Met lots of stars while hiring our RVs out to film location companies. But am reminded every day of Robert Wagner as he bought be a super leaving present from Tiffany's New York. It's a solid gold money clip in the shape of a large paper-clip.

Ray.


----------



## barryd (May 9, 2008)

JanHank said:


> What a wonderful life you have had Barry, you have probably notched up more spectacular memories than most of us.


And I left out the bit about drinking Pimms on the back of a boat with a young Katherine Zeta Jones in a bikini (her in the bikini, not me).


----------



## JanHank (Mar 29, 2015)

barryd said:


> And I left out the bit about drinking Pimms on the back of a boat with a young Katherine Zeta Jones in a bikini (her in the bikini, not me).


I loved her in Darlings Buds of May, I thought she could have done a lot better than Michael Douglas, you for instance >


----------



## fatbuddha (Aug 7, 2006)

I once dropped a fart so bad at a big business exhibition that it not only cleared my company stand but the 2 adjacent ones and one opposite.


----------



## nicholsong (May 26, 2009)

barryd said:


> I have probably told the story before but ill try and keep it brief. Long story short I got invited to crew on a sigma 38 racing yacht in an international race at Cowes week. I think it was 1995. I stayed on the boat for a few days and had a great time but the day of the race we ended up racing neck and neck with the Duke for ages. At every buoy we would be nicking in just before him but it did seem like everyone was out to get him, boats carving him up on purpose, even spectator power boats.
> 
> He had a crew of 10 fit young Navy types and we had a crew of booze filled nutters but we had some pro sailors within those ranks and pretty much every time we had the edge until his frustration got the better of him and he tried to do a dangerous undertake right on top of a buoy. I was helming at that exact time and shouted across "WATER!" which basically means "can you just feck off old chap and get out of the way". he had to give way and lost the wind and his temper. You could hear him shouting and cursing as we raced away.
> 
> ...


Crew of 10? What boat was he in - certainly not 'Bloodhound' which he was racing in our day.

Geoff


----------



## JanHank (Mar 29, 2015)

nicholsong said:


> Crew of 10? What boat was he in - certainly not 'Bloodhound' which he was racing in our day.
> 
> Geoff


It says the bloodhound was sold in 1969 so I don´t think it was that one, Barry was still in nappies.
Shows how old you are Geoff :grin2:

_In 1969 Bloodhound was sold by the royal family and Bloodhound then effectively retired from racing._


----------



## barryd (May 9, 2008)

nicholsong said:


> Crew of 10? What boat was he in - certainly not 'Bloodhound' which he was racing in our day.
> 
> Geoff


Well a Sigma 38 Geoff. It was the Sigma 38 class race.
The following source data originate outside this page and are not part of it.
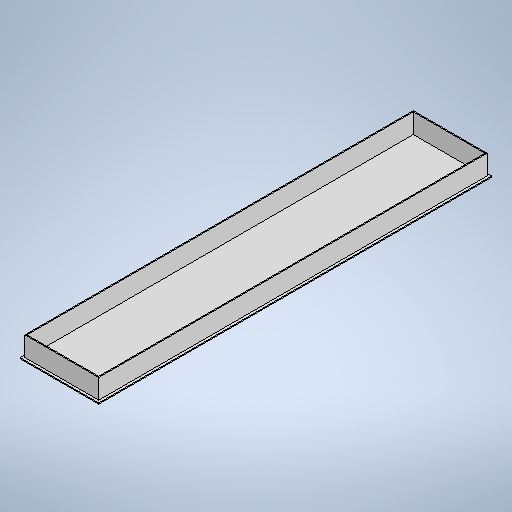
# Autodesk Inventor part: GNG НаOCl pan
Saved by Autodesk Inventor 2025 (Build 290162010, 162A)
## iProperties
Created: 2025-09-24
Part Number: GNG НаOCl pan
Material: Generic
Document SubType Name: Modeling
Designer: admin
Density: 1 g/cm^3
Appearance: Default
Mass: 50720 g
Surface Area: 102400 cm^2
Volume: 50720 cm^3
Author: admin
Autodesk Inventor part; units mm, degrees
ref_plane "YZ Plane" through (0, 0, 0) normal (1, 0, 0) x (0, 1, 0)
ref_plane "XZ Plane" through (0, 0, 0) normal (0, 1, 0) x (-1, 0, 0)
ref_plane "XY Plane" through (0, 0, 0) normal (0, 0, 1) x (1, 0, 0)
sketch "Sketch1" plane through (0, 0, 0) normal (0, 0, 1) x (1, 0, 0)
  line L0 (-400, 2000) -> (400, 2000)
  line L1 (400, 2000) -> (400, -2000)
  line L2 (400, -2000) -> (-400, -2000)
  line L3 (-400, -2000) -> (-400, 2000)
  line L4 (-400, 2000) -> (400, -2000) construction
  line L5 (400, 2000) -> (-400, -2000) construction
  point P0 (0, 0)
  dimension "d0" = 800
  dimension "d1" = 4000
  constraints: 12 end point, 2 midpoint, 2 parallel, 1 horizontal, 1 perpendicular
  measures "d0" distance of L1.end L2.end
  measures "d1" distance of L0.end L1.end
extrude "Extrusion1" add sketch "Sketch1" along normal blind 10
sketch "Sketch2" plane through (0, 0, 10) normal (0, 0, 1) x (1, 0, 0)
  line L0 (-400, -2000) -> (400, -2000) projected
  line L1 (400, -2000) -> (400, 2000) projected
  line L2 (400, 2000) -> (-400, 2000) projected
  line L3 (-400, 2000) -> (-400, -2000) projected
  line L4 (-375, -1975) -> (375, -1975)
  line L5 (375, -1975) -> (375, 1975)
  line L6 (375, 1975) -> (-375, 1975)
  line L7 (-375, 1975) -> (-375, -1975)
  line L8 (-365, -1965) -> (365, -1965)
  line L9 (365, -1965) -> (365, 1965)
  line L10 (365, 1965) -> (-365, 1965)
  line L11 (-365, 1965) -> (-365, -1965)
  point P0 (0, 0)
  dimension "d4" = 25
  dimension "d5" = 10
  constraints: 16 end point, 6 other
  measures "d4" distance between parallel lines of L3 L7
  measures "d5" distance between parallel lines of L7 L11
extrude "Extrusion2" add sketch "Sketch2" along normal blind 200 contours L7 L6 L5 L4
body "Solid1"
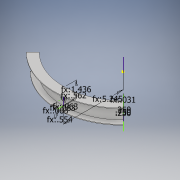
# Autodesk Inventor part: Layer2_Prep
Saved by Autodesk Inventor 2017 (Build 210142000, 142)
## iProperties
Created: 2017-01-26
Part Number: Layer2_Prep
Material: Generic
Document SubType Name: Modeling
Designer: David Kopala
Density: 1 g/cm^3
Appearance: Default
Lay2Rad: 5.245 in
Author: David Kopala
Autodesk Inventor part; units mm, degrees
ref_plane "YZ Plane" through (0, 0, 0) normal (1, 0, 0) x (0, 1, 0)
ref_plane "XZ Plane" through (0, 0, 0) normal (0, 1, 0) x (-1, 0, 0)
ref_plane "XY Plane" through (0, 0, 0) normal (0, 0, 1) x (1, 0, 0)
sketch "Sketch1" plane through (0, 0, 0) normal (1, 0, 0) x (0, 1, 0)
  line L0 (0, 0) -> (28.6807, 0)
  line L1 (0, 133.2109) -> (36.4852, 133.2109)
  line L2 (0, 133.2109) -> (0, 147.2732)
  line L3 (0, 147.2732) -> (1.5875, 147.2732)
  line L4 (1.5875, 134.7984) -> (36.4852, 134.7984)
  line L5 (36.4852, 134.7984) -> (36.4852, 133.2109)
  line L6 (1.5875, 134.7984) -> (1.5875, 147.2732)
  point P0 (15.8613, 134.7984)
  dimension "Lay2Rad" = 133.2109
  dimension "d1" = 14.0623
  dimension "d2" = 1.5875
  dimension "d3" = 36.4852
  dimension "d4" = 1.5875
  dimension "d5" = 1.5875
  dimension "d7" = 14.2738
  constraints: 14 end point, 4 horizontal, 1 perpendicular, 1 point on line, 1 vertical
  measures "Lay2Rad" distance between parallel lines of L0 L1
  measures "d1" distance of L1.start L2.end
  measures "d2" distance of L2.end L3.end
  measures "d3" distance of L1.start L1.end
  measures "d4" distance from line of L2 L4.start
  measures "d5" distance from line of L1 L4.start
  measures "d7" distance from line of L6 point (15.861, 134.798)
revolve "Revolution1" add sketch "Sketch1" angle 360 about axis through (0, 0, 0) along (0, 1, 0)
ref_plane "Work Plane1" through (0, 15.8613, 134.7984) normal (0, 0, 1) x (1, 0, 0)
sketch "Sketch2" plane through (0, 15.8613, 134.7984) normal (0, 0, 1) x (1, 0, 0)
  circle A0 centre (0, 0) radius 4.7625
  circle A1 centre (0, 0) radius 3.9688
  point P0 (0, -15.8613)
  dimension "d8" = 9.525
  dimension "d11" = 7.9375
  constraints: 2 centre point, 1 coincident
  measures "d8" diameter of A0
  measures "d11" diameter of A1
extrude "Extrusion2" cut sketch "Sketch2" against normal through all contours A1
extrude "Extrusion3" add sketch "Sketch2" along normal blind 0.3969
sketch "Sketch3" plane through (0, 36.4852, 0) normal (0, 1, 0) x (1, 0, 0)
  circle A0 centre (0, 0) radius 133.2109
  circle A1 centre (0, 0) radius 133.2109 projected
  circle A2 centre (0, 0) radius 153.6232
  circle A3 centre (0, 0) radius 147.2732 projected
  dimension "d16" = 6.35
  constraints: 2 centre point, 2 coincident, 1 concentric
  measures "d16" radial gap between concentric circles of A3 A2
extrude "Extrusion4" add sketch "Sketch3" along normal blind 1.5875 contours A2 | A3
sketch "Sketch4" plane through (0, 38.0727, 0) normal (0, 1, 0) x (1, 0, 0)
  line L0 (0, 0) -> (-167.0067, -167.0067)
  line L1 (0, 0) -> (236.1832, 0) construction
  line L2 (0, 0) -> (195.6261, -195.6261)
  line L3 (195.6261, -195.6261) -> (-166.4474, -166.4474)
  line L4 (-166.4474, -166.4474) -> (-176.2344, 211.1551)
  line L5 (-176.2344, 211.1551) -> (203.4461, 189.6497)
  line L6 (203.4461, 189.6497) -> (195.6261, -195.6261)
  dimension "d19" = 135
  constraints: 14 end point, 1 equal length, 1 horizontal, 1 point on line
  measures "d19" angle of L0 L1
extrude "Extrusion5" cut sketch "Sketch4" against normal through all contours L0 L4 L5 L6 L2
sketch "Sketch5" plane through (94.1943, 0, 94.1943) normal (0.7071068, 0, -0.7071068) x (-0.7071068, 0, -0.7071068)
  line L0 (-6.6801, 19.05) -> (6.1276, 19.05)
  line L1 (0, 0) -> (-14.0623, 0) projected
  line L2 (0, 38.0727) -> (0, 0) projected
  line L3 (-0.7937, 19.05) -> (-0.7937, 25.4)
  line L4 (-0.7937, 25.4) -> (0, 25.4)
  line L5 (-0.7937, 19.05) -> (-0.7937, 12.7)
  line L6 (-0.7937, 12.7) -> (-1.5875, 12.7)
  line L7 (-1.5875, 1.5875) -> (-1.5875, 36.4852) projected
  line L8 (-1.5875, 12.7) -> (-21.1154, 12.7)
  line L9 (-21.1154, 12.7) -> (-9.8215, -14.1735)
  line L10 (-9.8215, -14.1735) -> (10.1035, -9.9498)
  line L11 (10.1035, -9.9498) -> (6.1276, 19.05)
  line L12 (0, 25.4) -> (7.2571, 44.9587)
  line L13 (7.2571, 44.9587) -> (-27.8182, 42.4796)
  line L14 (-27.8182, 42.4796) -> (-19.0035, 23.7483)
  line L15 (-19.0035, 23.7483) -> (-6.3412, 19.05)
  point P0 (133.2109, 0)
  dimension "d22" = 19.05
  dimension "d23" = 0.7937
  dimension "d24" = 6.35
  dimension "d25" = 6.35
  constraints: 26 end point, 5 point on line, 3 perpendicular, 2 horizontal, 1 vertical
  measures "d22" distance between parallel lines of L1 L0
  measures "d23" distance from line of L2 L3.start
  measures "d24" distance of L3.start L3.end
  measures "d25" distance of L3.start L5.end
equation "\"Lay2Rad\" = -2 * SpWall + 0.5 * IBDia"
equation "\"d2\" = Wall"
equation "\"d3\" = d1_1 + BevDriverDia + SpWall + Space + Wall"
equation "\"d4\" = Wall"
equation "\"d5\" = Wall"
equation "\"d7\" = 1.5 * Space + 0.5 * BevDriverDia"
equation "\"d8\" = 2 * Space + AxelDia"
equation "\"d11\" = AxelDia + Space"
equation "\"d14\" = 0.25 * Wall"
equation "\"d17\" = Wall"
equation "\"d23\" = 0.5 * Wall"
equation "\"SpWall\" = 3.175"
equation "\"IBDia\" = 279.121792"
equation "\"Wall\" = 1.5875"
equation "\"d1_1\" = 6.35"
equation "\"BevDriverDia\" = 23.785175"
equation "\"Space\" = 1.5875"
equation "\"AxelDia\" = 6.35"
body "Solid1"

Could well have been this one Yeoman. In fact now Ive seen that pic Im pretty sure it was green.

https://www.paimages.co.uk/image-details/2.21276890

The boat we were on was described to me by its manager as if it had been a car it would be Damien Hills F1. He was paid full time to look after it and think it won the fastnet in its class three years running or something. I did my night time RYA skippers certificate in it in the middle of the night after six pints of Stella. 

I met up with him in the Marina Bar at Hamble as I was the only one kipping on the yacht and we had a few beers. Right at the same time I was doing my skippers certificate at college and he became quite interested then and offered as a qualified yachtmaster to go out across to the Isle of wight to complete my four hour night time nav exam. I said yeah ok and off we went. The Solant at night is a scary place though in a small boat (Well it felt massive in the marina) and there were Sea Cats , Hovercrafts and huge ships looming everywhere and they dont half shift. I loved it and got my exam book signed off.


----------



## DJMotorhomer (Apr 15, 2010)

Three years running we were invited down to the BBC outside broadcast for the Children in Need Night. Dressed as Batman and Robin on a ferry on the Mersey, Open All Hours at Manchester BBC on Oxford Road and as Little Britain Characters Andy and Lou on the North Pier Blackpool. Each time we were interviewed live.

Also appeared on The Late Late Breakfast Show as American Footballers attempting the Double Bed Challenge, a contestant on Red or Black with Ant & Dec.

Dave


----------



## HermanHymer (Dec 5, 2008)

Many years ago when I still had legs shaped like Coke bottles and long blond hair, I was offered a job in a club as a gogo dancer. I declined- being an aspiring bank manager it would definitely have been a career limiting move!


----------



## raynipper (Aug 4, 2008)

Three deer just ran off our land this am and across the field. They surprised me as much as I surprised them.

Ray.


----------



## Mrplodd (Mar 4, 2008)

I once got VERY close indeed to having a punch up with Ian Botham whilst I was escorting him on one of his charity walks. There was a huge queue of traffic behind him I wanted to clear, he refused point blank to stop and let them go telling me that I was only there to do what HE said!
An extremely obnoxious and arrogant individual (him not me) 
He didn’t get to do another walk through Dorset! 

Andy


----------



## barryd (May 9, 2008)

Mrplodd said:


> I once got VERY close indeed to having a punch up with Ian Botham whilst I was escorting him on one of his charity walks. There was a huge queue of traffic behind him I wanted to clear, he refused point blank to stop and let them go telling me that I was only there to do what HE said!
> An extremely obnoxious and arrogant individual (him not me)
> He didn't get to do another walk through Dorset!
> 
> Andy


Lives in the next village, used to see him in the pub a lot. your description is about spot on.


----------



## rws4711 (Mar 27, 2012)

Some years ago I was on an airplane with Ian Botham and another guy 1 row back. Both guys were totally pissed , swearing the whole time and talking very loudly.
As I am not much of a cricket fan I didn’t even know who he was until the person sitting next to me told me.
Certainly not a gentleman.


----------